This is a piece of software used for performing experiments on the pricing of Passport Options via reinforcement learning. The experiments are described in [1].
- Python == 3.9.13
Prepare your python environment (conda
, virtualenv
, etc.), activate your environment.
Using pip:
$ pip install -r requirements.txt
Choose a configuration number X and create a folder named config_X including a config.py file. This file should include dictionaries specifying parameters as follows:
import numpy as np
CONFIG_NO = X # configuration number
SEED = 1 # random seed for numpy, random and torch
SAVE = {"model": True, # save model after training?
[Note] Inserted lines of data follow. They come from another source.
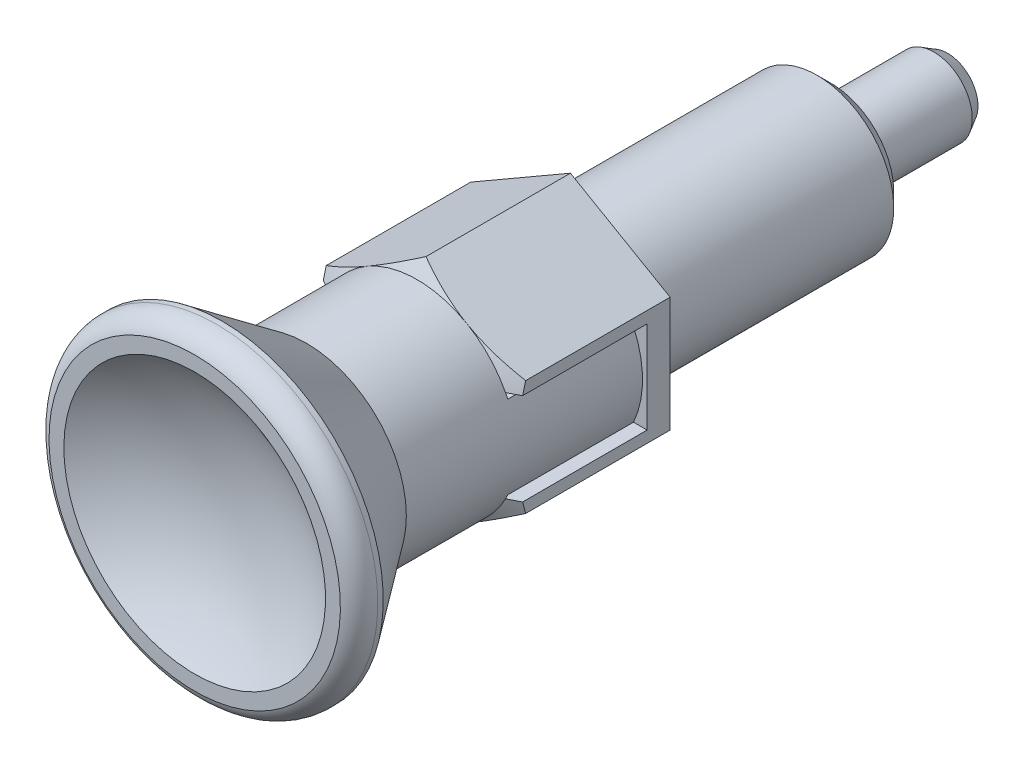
ISO-10303-21;
HEADER;
FILE_DESCRIPTION(('STEP AP214'),'2;1');
FILE_NAME('part.step','',(''),(''),'','','');
FILE_SCHEMA(('AUTOMOTIVE_DESIGN { 1 0 10303 214 1 1 1 1 }'));
ENDSEC;
DATA;
#1=APPLICATION_CONTEXT('core data for automotive mechanical design processes');
#2=APPLICATION_PROTOCOL_DEFINITION('international standard','automotive_design',2000,#1);
#3=PRODUCT_CONTEXT('',#1,'mechanical');
#4=PRODUCT('Part','Part','',(#3));
#5=PRODUCT_RELATED_PRODUCT_CATEGORY('part','',(#4));
#6=PRODUCT_DEFINITION_FORMATION('','',#4);
#7=PRODUCT_DEFINITION_CONTEXT('part definition',#1,'design');
#8=PRODUCT_DEFINITION('design','',#6,#7);
#9=PRODUCT_DEFINITION_SHAPE('','',#8);
#10=(LENGTH_UNIT() NAMED_UNIT(*) SI_UNIT(.MILLI.,.METRE.));
#11=(NAMED_UNIT(*) PLANE_ANGLE_UNIT() SI_UNIT($,.RADIAN.));
#12=(NAMED_UNIT(*) SI_UNIT($,.STERADIAN.) SOLID_ANGLE_UNIT());
#13=UNCERTAINTY_MEASURE_WITH_UNIT(LENGTH_MEASURE(1.E-05),#10,'distance_accuracy_value','');
#14=(GEOMETRIC_REPRESENTATION_CONTEXT(3) GLOBAL_UNCERTAINTY_ASSIGNED_CONTEXT((#13)) GLOBAL_UNIT_ASSIGNED_CONTEXT((#10,
#11,#12)) REPRESENTATION_CONTEXT('',''));
#15=CARTESIAN_POINT('',(0.,0.,0.));
#16=DIRECTION('',(0.,0.,1.));
#17=DIRECTION('',(1.,0.,0.));
#18=AXIS2_PLACEMENT_3D('',#15,#16,#17);
#19=CARTESIAN_POINT('',(0.,0.,35.6));
#20=DIRECTION('',(-1.,0.,0.));
#21=DIRECTION('',(0.,1.,0.));
#22=AXIS2_PLACEMENT_3D('',#19,#20,#21);
#23=SPHERICAL_SURFACE('',#22,14.);
#24=CARTESIAN_POINT('',(0.,8.53170557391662,24.5));
#25=CARTESIAN_POINT('',(-0.239701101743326,8.5317072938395,24.5));
#26=CARTESIAN_POINT('',(-0.47937397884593,8.52159969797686,24.5));
#27=CARTESIAN_POINT('',(-0.957096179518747,8.48123987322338,24.5));
#28=CARTESIAN_POINT('',(-1.19514505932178,8.45098234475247,24.5));
#29=CARTESIAN_POINT('',(-1.66809840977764,8.37048717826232,24.5));
#30=CARTESIAN_POINT('',(-1.90299924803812,8.3202282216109,24.5));
#31=CARTESIAN_POINT('',(-2.36773233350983,8.20008811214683,24.5));
#32=CARTESIAN_POINT('',(-2.59756451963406,8.13020672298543,24.5));
#33=CARTESIAN_POINT('',(-3.05040854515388,7.97135842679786,24.5));
#34=CARTESIAN_POINT('',(-3.27342368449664,7.88240092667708,24.5));
#35=CARTESIAN_POINT('',(-3.71116976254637,7.68601114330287,24.5));
#36=CARTESIAN_POINT('',(-3.92590057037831,7.57857856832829,24.5));
#37=CARTESIAN_POINT('',(-4.34545679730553,7.34605366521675,24.5));
#38=CARTESIAN_POINT('',(-4.55028643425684,7.22096894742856,24.5));
#39=CARTESIAN_POINT('',(-4.94875279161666,6.95394741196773,24.5));
#40=CARTESIAN_POINT('',(-5.14238561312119,6.81200477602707,24.5));
#41=CARTESIAN_POINT('',(-5.51699044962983,6.51232267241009,24.5));
#42=CARTESIAN_POINT('',(-5.69796342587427,6.35458440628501,24.5));
#43=CARTESIAN_POINT('',(-6.04598097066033,6.0244208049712,24.5));
#44=CARTESIAN_POINT('',(-6.21302532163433,5.85199524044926,24.5));
#45=CARTESIAN_POINT('',(-6.53199815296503,5.49368132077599,24.5));
#46=CARTESIAN_POINT('',(-6.6839263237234,5.30779269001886,24.5));
#47=CARTESIAN_POINT('',(-6.97158596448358,4.92387306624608,24.5));
#48=CARTESIAN_POINT('',(-7.10731707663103,4.72584180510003,24.5));
#49=CARTESIAN_POINT('',(-7.36158785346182,4.31908993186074,24.5));
#50=CARTESIAN_POINT('',(-7.48013099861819,4.11037149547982,24.5));
#51=CARTESIAN_POINT('',(-7.69925411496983,3.68361770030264,24.5));
#52=CARTESIAN_POINT('',(-7.79982785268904,3.46557914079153,24.5));
#53=CARTESIAN_POINT('',(-7.98222972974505,3.02184395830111,24.5));
#54=CARTESIAN_POINT('',(-8.06406129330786,2.79614874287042,24.5));
#55=CARTESIAN_POINT('',(-8.20842175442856,2.33866337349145,24.5));
#56=CARTESIAN_POINT('',(-8.27095035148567,2.1068731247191,24.5));
#57=CARTESIAN_POINT('',(-8.37625770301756,1.63885297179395,24.5));
#58=CARTESIAN_POINT('',(-8.41903679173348,1.40262314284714,24.5));
#59=CARTESIAN_POINT('',(-8.48454328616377,0.927394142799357,24.5));
#60=CARTESIAN_POINT('',(-8.50727024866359,0.688394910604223,24.5));
#61=CARTESIAN_POINT('',(-8.53250695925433,0.209376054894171,24.5));
#62=CARTESIAN_POINT('',(-8.53502046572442,-0.030643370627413,24.5));
#63=CARTESIAN_POINT('',(-8.5198196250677,-0.510124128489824,24.5));
#64=CARTESIAN_POINT('',(-8.50209827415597,-0.749585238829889,24.5));
#65=CARTESIAN_POINT('',(-8.44654739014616,-1.22611973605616,24.5));
#66=CARTESIAN_POINT('',(-8.40872148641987,-1.46319354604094,24.5));
#67=CARTESIAN_POINT('',(-8.31323191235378,-1.93331562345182,24.5));
#68=CARTESIAN_POINT('',(-8.25556793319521,-2.16636382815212,24.5));
#69=CARTESIAN_POINT('',(-8.12081350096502,-2.62676991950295,24.5));
#70=CARTESIAN_POINT('',(-8.04372339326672,-2.85412790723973,24.5));
#71=CARTESIAN_POINT('',(-7.87066231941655,-3.30154649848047,24.5));
#72=CARTESIAN_POINT('',(-7.77469093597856,-3.52160694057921,24.5));
#73=CARTESIAN_POINT('',(-7.56457013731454,-3.95282077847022,24.5));
#74=CARTESIAN_POINT('',(-7.45042407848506,-4.16397580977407,24.5));
#75=CARTESIAN_POINT('',(-7.204709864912,-4.57599267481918,24.5));
#76=CARTESIAN_POINT('',(-7.07313569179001,-4.77685091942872,24.5));
#77=CARTESIAN_POINT('',(-6.79355690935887,-5.16673175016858,24.5));
#78=CARTESIAN_POINT('',(-6.64555528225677,-5.35575647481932,24.5));
#79=CARTESIAN_POINT('',(-6.33415193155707,-5.72066897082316,24.5));
#80=CARTESIAN_POINT('',(-6.17074996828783,-5.89655653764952,24.5));
#81=CARTESIAN_POINT('',(-5.82971281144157,-6.23393780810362,24.5));
#82=CARTESIAN_POINT('',(-5.65207788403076,-6.3954317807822,24.5));
#83=CARTESIAN_POINT('',(-5.28383088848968,-6.70288487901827,24.5));
#84=CARTESIAN_POINT('',(-5.0932185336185,-6.84884366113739,24.5));
#85=CARTESIAN_POINT('',(-4.7004116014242,-7.1241591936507,24.5));
#86=CARTESIAN_POINT('',(-4.49821916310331,-7.25351899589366,24.5));
#87=CARTESIAN_POINT('',(-4.08358517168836,-7.49479054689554,24.5));
#88=CARTESIAN_POINT('',(-3.87114009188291,-7.60669623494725,24.5));
#89=CARTESIAN_POINT('',(-3.43761429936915,-7.81219183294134,24.5));
#90=CARTESIAN_POINT('',(-3.21653509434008,-7.90578492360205,24.5));
#91=CARTESIAN_POINT('',(-2.76727776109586,-8.07401431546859,24.5));
#92=CARTESIAN_POINT('',(-2.53909962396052,-8.14865059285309,24.5));
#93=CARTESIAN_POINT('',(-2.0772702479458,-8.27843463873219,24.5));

"plots": True, # save plots?
"plot_path": None, # path to folder for saving plots in case SAVE['model']==False
}
# market params
MARKET_PARAMS = {
"interest": 0.002, # interest rate
"ntime": 10, # number of time steps per path
"x0": 0, # initial portfolio value
"d": 2, # dimension of assets
"s0": [1, 1], # initial values for assets, list
"mu": [0, 0], # mean of BM, list
"sig": 0.04, # var of BM, list (or float for symmetric market)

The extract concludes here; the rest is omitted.